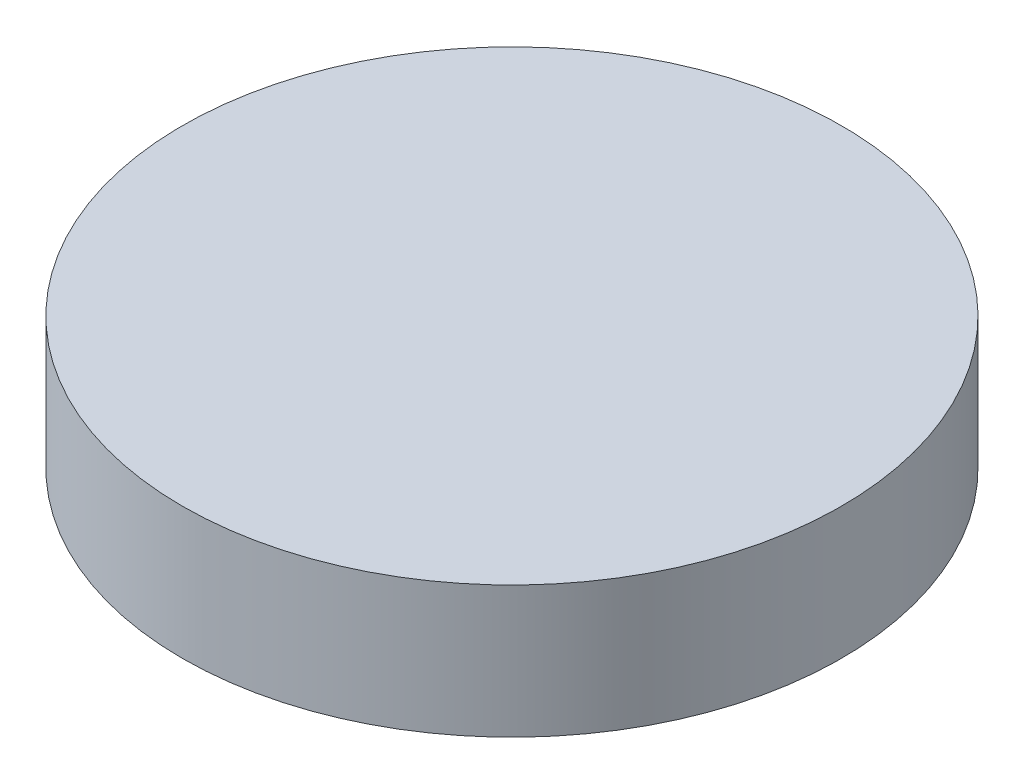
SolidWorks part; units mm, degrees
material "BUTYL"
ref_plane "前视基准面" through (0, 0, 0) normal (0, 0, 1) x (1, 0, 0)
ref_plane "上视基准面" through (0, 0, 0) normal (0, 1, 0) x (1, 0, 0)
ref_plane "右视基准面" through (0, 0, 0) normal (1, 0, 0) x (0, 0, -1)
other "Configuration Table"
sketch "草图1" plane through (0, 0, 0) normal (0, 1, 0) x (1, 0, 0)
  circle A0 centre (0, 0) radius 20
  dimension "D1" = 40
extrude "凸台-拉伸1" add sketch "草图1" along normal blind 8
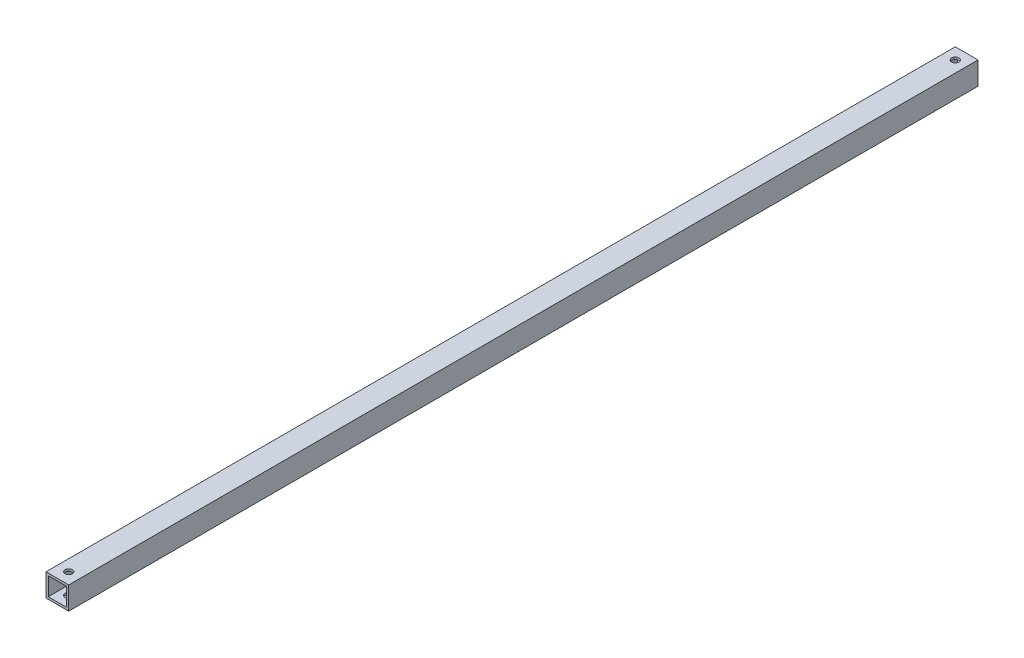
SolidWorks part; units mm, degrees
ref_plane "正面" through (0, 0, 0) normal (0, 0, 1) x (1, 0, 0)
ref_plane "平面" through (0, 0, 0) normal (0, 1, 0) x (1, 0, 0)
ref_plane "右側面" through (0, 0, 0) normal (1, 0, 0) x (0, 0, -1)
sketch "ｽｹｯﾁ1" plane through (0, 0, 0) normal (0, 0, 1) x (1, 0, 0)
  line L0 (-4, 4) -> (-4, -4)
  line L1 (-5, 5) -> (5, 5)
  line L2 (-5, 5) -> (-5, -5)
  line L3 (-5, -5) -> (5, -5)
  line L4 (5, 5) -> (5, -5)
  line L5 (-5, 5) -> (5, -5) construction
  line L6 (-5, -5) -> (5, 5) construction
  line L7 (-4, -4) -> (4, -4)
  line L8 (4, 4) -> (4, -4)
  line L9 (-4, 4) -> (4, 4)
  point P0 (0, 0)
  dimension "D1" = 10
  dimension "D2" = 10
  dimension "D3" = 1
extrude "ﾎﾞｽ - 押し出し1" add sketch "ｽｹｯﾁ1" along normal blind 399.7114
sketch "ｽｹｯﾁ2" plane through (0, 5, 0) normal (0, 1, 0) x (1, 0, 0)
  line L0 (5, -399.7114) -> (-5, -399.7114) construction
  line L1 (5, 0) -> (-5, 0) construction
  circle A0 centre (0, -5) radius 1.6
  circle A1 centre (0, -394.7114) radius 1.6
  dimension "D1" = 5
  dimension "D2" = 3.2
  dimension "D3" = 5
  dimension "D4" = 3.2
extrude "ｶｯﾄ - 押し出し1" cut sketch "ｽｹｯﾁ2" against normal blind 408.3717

==========

» **What is required**
Write out every line from the data above that includes "through".

» **Solution to this exercise**
ref_plane "前视基准面" through (0, 0, 0) normal (0, 0, 1) x (1, 0, 0)
ref_plane "上视基准面" through (0, 0, 0) normal (0, 1, 0) x (1, 0, 0)
ref_plane "右视基准面" through (0, 0, 0) normal (1, 0, 0) x (0, 0, -1)
sketch "草图1" plane through (0, 0, 0) normal (0, 1, 0) x (1, 0, 0)
ref_plane "正面" through (0, 0, 0) normal (0, 0, 1) x (1, 0, 0)
ref_plane "平面" through (0, 0, 0) normal (0, 1, 0) x (1, 0, 0)
ref_plane "右側面" through (0, 0, 0) normal (1, 0, 0) x (0, 0, -1)
sketch "ｽｹｯﾁ1" plane through (0, 0, 0) normal (0, 0, 1) x (1, 0, 0)
sketch "ｽｹｯﾁ2" plane through (0, 5, 0) normal (0, 1, 0) x (1, 0, 0)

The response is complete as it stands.